Request → DNS lookup (2-5ms) → Connection → Response

Optimization:

# Configure dnsPolicy
spec:
  dnsPolicy: ClusterFirst
  dnsConfig:
    options:
      - name: ndots
        value: "2"    # Reduces unnecessary lookups

Connection pooling

# ❌ New connection per request
# TCP handshake + TLS = 50-100ms per request

# ✅ Connection pool
# Reuses established connections

Pool configuration:

// Node.js with connection pool
const pool = new Pool({
  max: 20,
  idleTimeoutMillis: 30000,
  connectionTimeoutMillis: 2000
});

Storage Optimization

Storage types and performance

emptyDir (memory): ~500MB/s
emptyDir (disk):   ~100MB/s
hostPath:          ~100MB/s
PersistentVolume:  ~50-100MB/s (depends on provider)

Copy-on-Write overhead

Image layers use CoW:

# ❌ Many layers = lots of CoW
RUN apt-get update
RUN apt-get install -y package1
RUN apt-get install -y package2

# ✅ Fewer layers
RUN apt-get update && \
    apt-get install -y package1 package2 && \
    rm -rf /var/lib/apt/lists/*

Logs and performance

# ❌ Logs to stdout without limit
# Disk I/O grows indefinitely

# ✅ Limit container logs
apiVersion: v1
kind: Pod
spec:
  containers:
  - name: app
    # Configure log rotation in runtime

Docker daemon config:

{
  "log-driver": "json-file",
  "log-opts": {
    "max-size": "10m",
    "max-file": "3"
  }
}

Kubernetes-Specific Optimizations

Pod Disruption Budget

apiVersion: policy/v1
kind: PodDisruptionBudget
metadata:
  name: app-pdb
spec:
  minAvailable: 2
  selector:
    matchLabels:
      app: my-app

Topology Spread

spec:
  topologySpreadConstraints:
  - maxSkew: 1
    topologyKey: topology.kubernetes.io/zone
    whenUnsatisfiable: DoNotSchedule
    labelSelector:
      matchLabels:
        app: my-app

Readiness vs Liveness

# Liveness: is the app alive?
livenessProbe:
  httpGet:
    path: /health/live
    port: 8080
  initialDelaySeconds: 30
  periodSeconds: 10

# Readiness: can the app receive traffic?
readinessProbe:
  httpGet:
    path: /health/ready
    port: 8080
  initialDelaySeconds: 5
  periodSeconds: 5

Common mistake:

# ❌ Readiness probe too heavy
readinessProbe:
  httpGet:
    path: /health  # Checks DB, cache, external APIs
  periodSeconds: 1  # Every second!
# = DDoS yourself

# ✅ Light readiness with adequate frequency
readinessProbe:
  httpGet:
    path: /health/ready  # Basic check
  periodSeconds: 5

Graceful Shutdown

spec:
  terminationGracePeriodSeconds: 30
  containers:
  - name: app
    lifecycle:
      preStop:
        exec:
          command: ["/bin/sh", "-c", "sleep 5"]
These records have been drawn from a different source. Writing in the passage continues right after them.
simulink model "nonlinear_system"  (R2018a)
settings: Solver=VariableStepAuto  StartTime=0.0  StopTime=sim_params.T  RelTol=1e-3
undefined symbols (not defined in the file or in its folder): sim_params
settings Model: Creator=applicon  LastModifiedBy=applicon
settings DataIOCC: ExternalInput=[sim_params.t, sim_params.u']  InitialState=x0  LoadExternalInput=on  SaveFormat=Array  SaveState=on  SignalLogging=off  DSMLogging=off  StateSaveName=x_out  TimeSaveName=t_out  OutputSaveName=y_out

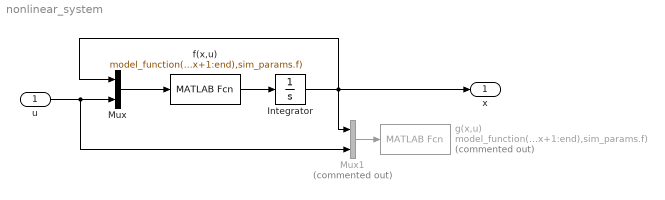
== system nonlinear_system ==
  u : Inport  PortDimensions=sim_params.nu
  Integrator : Integrator  InitialCondition=sim_params.xi
  Mux : Mux  Inputs=2
  Mux1 : Mux  Commented=on  Inputs=2
  f(x,u) : MATLABFcn  MATLABFcn=model_function(u(1:sim_params.nx),u(sim_params.nx+1:end),sim_params.f)
  g(x,u) : MATLABFcn  Commented=on  MATLABFcn=model_function(u(1:sim_params.nx),u(sim_params.nx+1:end),sim_params.f)
  x : Outport  PortDimensions=sim_params.ny
  wires:
  Mux/1 -> f(x,u)/1
  u/1 -> Mux1/2, Mux/2
  f(x,u)/1 -> Integrator/1
  Integrator/1 -> Mux1/1, x/1, Mux/1
  Mux1/1 -> g(x,u)/1

// Application must handle SIGTERM
process.on('SIGTERM', async () => {
  console.log('Received SIGTERM, shutting down gracefully');
  await server.close();
  await db.close();
  process.exit(0);
});

Optimized Docker Image

Multi-stage build

# Build stage
FROM node:18 AS builder
WORKDIR /app
COPY package*.json ./
RUN npm ci --only=production

# Runtime stage
FROM node:18-slim
WORKDIR /app
COPY --from=builder /app/node_modules ./node_modules
COPY . .
USER node
CMD ["node", "server.js"]

Base image

# ❌ Heavy image
FROM ubuntu:22.04  # ~77MB

# ✅ Optimized image
FROM alpine:3.18   # ~7MB

# ✅ Distroless (even smaller, more secure)
FROM gcr.io/distroless/nodejs:18  # ~40MB, no shell

Startup time

Large image (500MB):      pull = 30-60s
Optimized image (50MB):   pull = 3-6s

Performance Monitoring

Essential metrics

# Container-level
- container_cpu_usage_seconds_total
- container_memory_usage_bytes
- container_network_receive_bytes_total
- container_fs_reads_bytes_total

# Application-level
- http_request_duration_seconds
- http_requests_total
- process_resident_memory_bytes

Minimum dashboard

1. CPU Usage vs Request vs Limit
2. Memory Usage vs Request vs Limit
3. CPU Throttling
4. Pod Restarts
5. Network I/O
6. Disk I/O

Conclusion

Performance in containers depends on:

1. Correct resources: requests and limits based on real data
2. Avoid throttling: CPU throttling destroys latency
3. Memory with headroom: OOM kills cause instability
4. Optimized network: DNS, connection pools, conscious service mesh
5. Lean images: fewer layers, smaller size, fast startup

Before blaming the container:

1. Check for CPU throttling
2. Confirm there are no OOM kills
3. Analyze network metrics
4. Compare with baseline outside the container

A container is a tool, not a villain. Poor container performance is usually poor performance amplified.